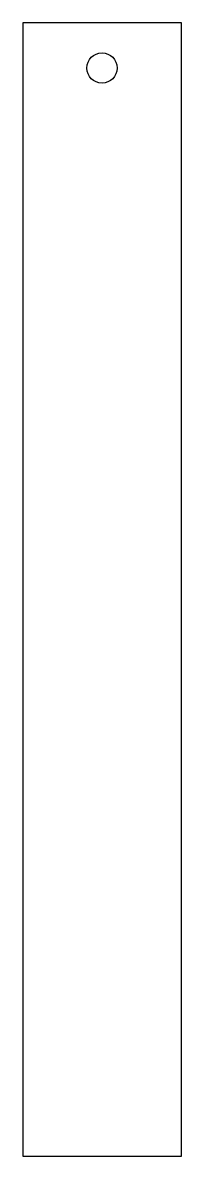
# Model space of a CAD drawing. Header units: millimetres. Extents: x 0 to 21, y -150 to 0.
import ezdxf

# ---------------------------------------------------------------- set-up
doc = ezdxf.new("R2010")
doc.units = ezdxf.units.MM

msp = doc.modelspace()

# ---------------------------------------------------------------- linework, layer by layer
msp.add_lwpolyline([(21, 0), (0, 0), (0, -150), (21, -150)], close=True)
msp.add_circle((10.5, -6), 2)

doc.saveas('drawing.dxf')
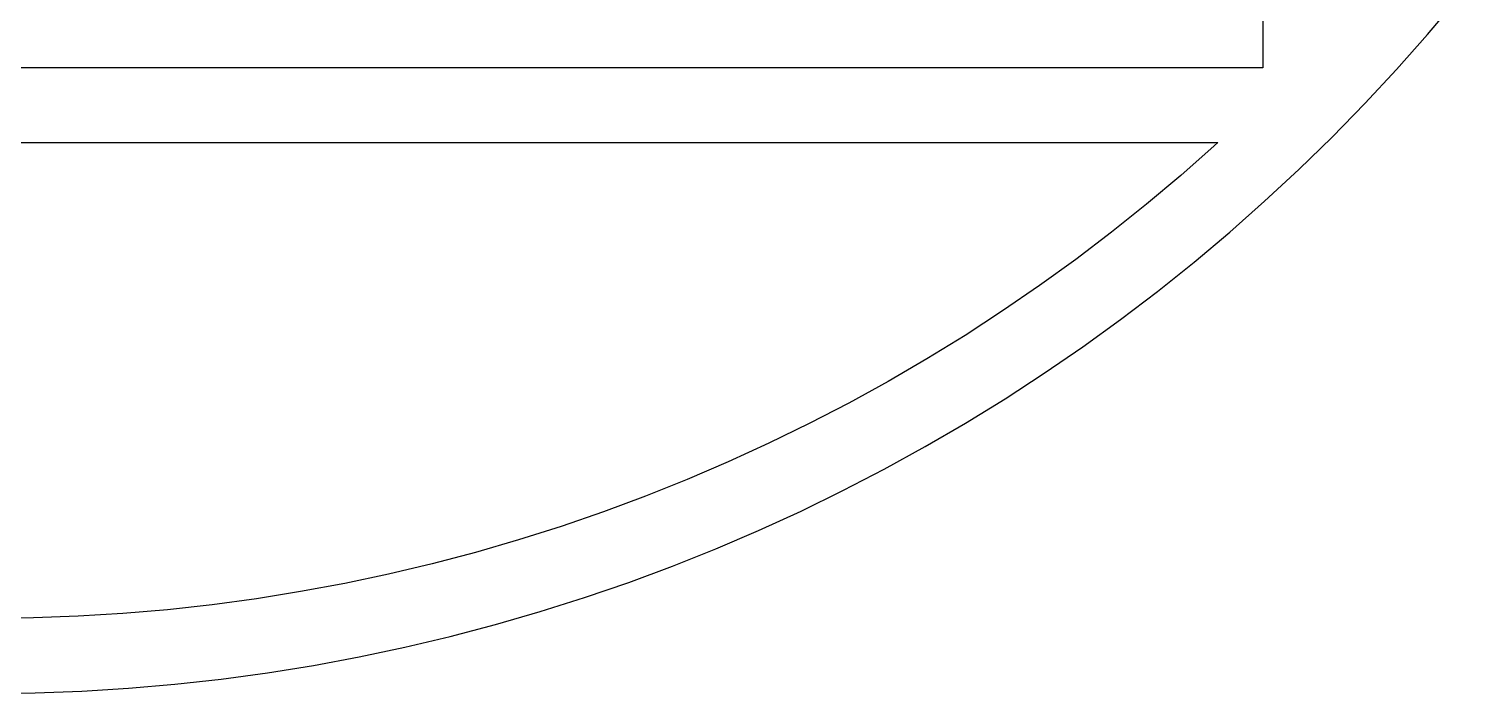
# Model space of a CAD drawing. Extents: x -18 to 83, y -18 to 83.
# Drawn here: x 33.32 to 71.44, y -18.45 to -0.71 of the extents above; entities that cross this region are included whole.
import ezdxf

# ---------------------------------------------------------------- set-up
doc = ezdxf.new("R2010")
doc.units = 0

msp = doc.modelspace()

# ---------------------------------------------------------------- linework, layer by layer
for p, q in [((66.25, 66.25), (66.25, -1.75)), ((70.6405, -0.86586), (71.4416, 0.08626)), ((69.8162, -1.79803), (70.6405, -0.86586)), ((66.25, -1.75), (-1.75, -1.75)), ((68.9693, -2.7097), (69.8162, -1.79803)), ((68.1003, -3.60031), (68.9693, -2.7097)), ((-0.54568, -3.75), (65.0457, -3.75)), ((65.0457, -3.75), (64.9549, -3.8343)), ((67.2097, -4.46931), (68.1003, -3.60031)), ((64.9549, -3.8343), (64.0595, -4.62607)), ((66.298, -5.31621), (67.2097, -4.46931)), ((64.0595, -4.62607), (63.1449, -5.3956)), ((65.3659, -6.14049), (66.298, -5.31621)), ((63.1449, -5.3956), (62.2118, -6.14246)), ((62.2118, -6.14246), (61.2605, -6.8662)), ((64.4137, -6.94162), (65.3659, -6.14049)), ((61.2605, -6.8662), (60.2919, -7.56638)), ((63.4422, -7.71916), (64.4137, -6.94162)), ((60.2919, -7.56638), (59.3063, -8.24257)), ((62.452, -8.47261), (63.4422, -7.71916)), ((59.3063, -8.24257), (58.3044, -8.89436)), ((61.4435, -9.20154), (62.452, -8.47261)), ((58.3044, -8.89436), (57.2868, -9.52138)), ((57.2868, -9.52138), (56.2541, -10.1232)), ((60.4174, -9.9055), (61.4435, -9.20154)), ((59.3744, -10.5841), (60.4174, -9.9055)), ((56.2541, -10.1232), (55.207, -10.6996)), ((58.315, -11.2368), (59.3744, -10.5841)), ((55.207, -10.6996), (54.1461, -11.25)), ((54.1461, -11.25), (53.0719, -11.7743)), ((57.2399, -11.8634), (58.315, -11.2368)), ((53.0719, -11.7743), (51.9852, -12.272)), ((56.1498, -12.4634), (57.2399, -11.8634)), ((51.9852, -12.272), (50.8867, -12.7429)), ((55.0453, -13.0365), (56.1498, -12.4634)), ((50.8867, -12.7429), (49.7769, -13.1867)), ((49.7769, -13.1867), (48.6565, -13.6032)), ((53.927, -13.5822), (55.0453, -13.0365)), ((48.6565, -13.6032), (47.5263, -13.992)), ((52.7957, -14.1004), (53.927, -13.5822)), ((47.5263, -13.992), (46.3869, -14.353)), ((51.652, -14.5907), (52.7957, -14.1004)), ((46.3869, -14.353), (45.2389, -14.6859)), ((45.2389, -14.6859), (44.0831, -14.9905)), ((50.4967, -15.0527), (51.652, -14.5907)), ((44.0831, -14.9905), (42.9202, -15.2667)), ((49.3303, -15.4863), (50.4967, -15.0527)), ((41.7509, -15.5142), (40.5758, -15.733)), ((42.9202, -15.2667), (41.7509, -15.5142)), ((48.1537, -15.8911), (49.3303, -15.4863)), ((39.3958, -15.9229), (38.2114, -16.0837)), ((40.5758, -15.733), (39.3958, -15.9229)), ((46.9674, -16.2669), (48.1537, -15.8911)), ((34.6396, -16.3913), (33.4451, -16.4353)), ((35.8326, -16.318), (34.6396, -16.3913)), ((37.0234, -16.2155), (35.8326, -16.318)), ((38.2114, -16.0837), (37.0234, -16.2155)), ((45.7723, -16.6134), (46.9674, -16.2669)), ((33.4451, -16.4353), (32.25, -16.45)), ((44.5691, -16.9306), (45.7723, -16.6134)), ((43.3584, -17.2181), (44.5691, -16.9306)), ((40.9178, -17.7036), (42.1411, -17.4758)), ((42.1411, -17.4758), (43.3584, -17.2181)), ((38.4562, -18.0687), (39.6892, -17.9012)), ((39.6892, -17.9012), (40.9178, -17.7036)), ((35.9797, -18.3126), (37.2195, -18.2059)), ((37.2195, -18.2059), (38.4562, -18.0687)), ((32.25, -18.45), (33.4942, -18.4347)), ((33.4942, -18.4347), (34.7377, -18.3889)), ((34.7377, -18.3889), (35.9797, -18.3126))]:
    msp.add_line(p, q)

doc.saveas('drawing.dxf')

## [Exercise brief]
Keep the pictures out of the copy and return the rest of the data above exactly.

## [Task solution]
# Model space of a CAD drawing. Header units: millimetres. Extents: x 0 to 21, y -150 to 0.
import ezdxf

# ---------------------------------------------------------------- set-up
doc = ezdxf.new("R2010")
doc.units = ezdxf.units.MM

msp = doc.modelspace()

# ---------------------------------------------------------------- linework, layer by layer
msp.add_lwpolyline([(21, 0), (0, 0), (0, -150), (21, -150)], close=True)
msp.add_circle((10.5, -6), 2)

doc.saveas('drawing.dxf')
# Model space of a CAD drawing. Extents: x -18 to 83, y -18 to 83.
# Drawn here: x 33.32 to 71.44, y -18.45 to -0.71 of the extents above; entities that cross this region are included whole.
import ezdxf

# ---------------------------------------------------------------- set-up
doc = ezdxf.new("R2010")
doc.units = 0

msp = doc.modelspace()

# ---------------------------------------------------------------- linework, layer by layer
for p, q in [((66.25, 66.25), (66.25, -1.75)), ((70.6405, -0.86586), (71.4416, 0.08626)), ((69.8162, -1.79803), (70.6405, -0.86586)), ((66.25, -1.75), (-1.75, -1.75)), ((68.9693, -2.7097), (69.8162, -1.79803)), ((68.1003, -3.60031), (68.9693, -2.7097)), ((-0.54568, -3.75), (65.0457, -3.75)), ((65.0457, -3.75), (64.9549, -3.8343)), ((67.2097, -4.46931), (68.1003, -3.60031)), ((64.9549, -3.8343), (64.0595, -4.62607)), ((66.298, -5.31621), (67.2097, -4.46931)), ((64.0595, -4.62607), (63.1449, -5.3956)), ((65.3659, -6.14049), (66.298, -5.31621)), ((63.1449, -5.3956), (62.2118, -6.14246)), ((62.2118, -6.14246), (61.2605, -6.8662)), ((64.4137, -6.94162), (65.3659, -6.14049)), ((61.2605, -6.8662), (60.2919, -7.56638)), ((63.4422, -7.71916), (64.4137, -6.94162)), ((60.2919, -7.56638), (59.3063, -8.24257)), ((62.452, -8.47261), (63.4422, -7.71916)), ((59.3063, -8.24257), (58.3044, -8.89436)), ((61.4435, -9.20154), (62.452, -8.47261)), ((58.3044, -8.89436), (57.2868, -9.52138)), ((57.2868, -9.52138), (56.2541, -10.1232)), ((60.4174, -9.9055), (61.4435, -9.20154)), ((59.3744, -10.5841), (60.4174, -9.9055)), ((56.2541, -10.1232), (55.207, -10.6996)), ((58.315, -11.2368), (59.3744, -10.5841)), ((55.207, -10.6996), (54.1461, -11.25)), ((54.1461, -11.25), (53.0719, -11.7743)), ((57.2399, -11.8634), (58.315, -11.2368)), ((53.0719, -11.7743), (51.9852, -12.272)), ((56.1498, -12.4634), (57.2399, -11.8634)), ((51.9852, -12.272), (50.8867, -12.7429)), ((55.0453, -13.0365), (56.1498, -12.4634)), ((50.8867, -12.7429), (49.7769, -13.1867)), ((49.7769, -13.1867), (48.6565, -13.6032)), ((53.927, -13.5822), (55.0453, -13.0365)), ((48.6565, -13.6032), (47.5263, -13.992)), ((52.7957, -14.1004), (53.927, -13.5822)), ((47.5263, -13.992), (46.3869, -14.353)), ((51.652, -14.5907), (52.7957, -14.1004)), ((46.3869, -14.353), (45.2389, -14.6859)), ((45.2389, -14.6859), (44.0831, -14.9905)), ((50.4967, -15.0527), (51.652, -14.5907)), ((44.0831, -14.9905), (42.9202, -15.2667)), ((49.3303, -15.4863), (50.4967, -15.0527)), ((41.7509, -15.5142), (40.5758, -15.733)), ((42.9202, -15.2667), (41.7509, -15.5142)), ((48.1537, -15.8911), (49.3303, -15.4863)), ((39.3958, -15.9229), (38.2114, -16.0837)), ((40.5758, -15.733), (39.3958, -15.9229)), ((46.9674, -16.2669), (48.1537, -15.8911)), ((34.6396, -16.3913), (33.4451, -16.4353)), ((35.8326, -16.318), (34.6396, -16.3913)), ((37.0234, -16.2155), (35.8326, -16.318)), ((38.2114, -16.0837), (37.0234, -16.2155)), ((45.7723, -16.6134), (46.9674, -16.2669)), ((33.4451, -16.4353), (32.25, -16.45)), ((44.5691, -16.9306), (45.7723, -16.6134)), ((43.3584, -17.2181), (44.5691, -16.9306)), ((40.9178, -17.7036), (42.1411, -17.4758)), ((42.1411, -17.4758), (43.3584, -17.2181)), ((38.4562, -18.0687), (39.6892, -17.9012)), ((39.6892, -17.9012), (40.9178, -17.7036)), ((35.9797, -18.3126), (37.2195, -18.2059)), ((37.2195, -18.2059), (38.4562, -18.0687)), ((32.25, -18.45), (33.4942, -18.4347)), ((33.4942, -18.4347), (34.7377, -18.3889)), ((34.7377, -18.3889), (35.9797, -18.3126))]:
    msp.add_line(p, q)

doc.saveas('drawing.dxf')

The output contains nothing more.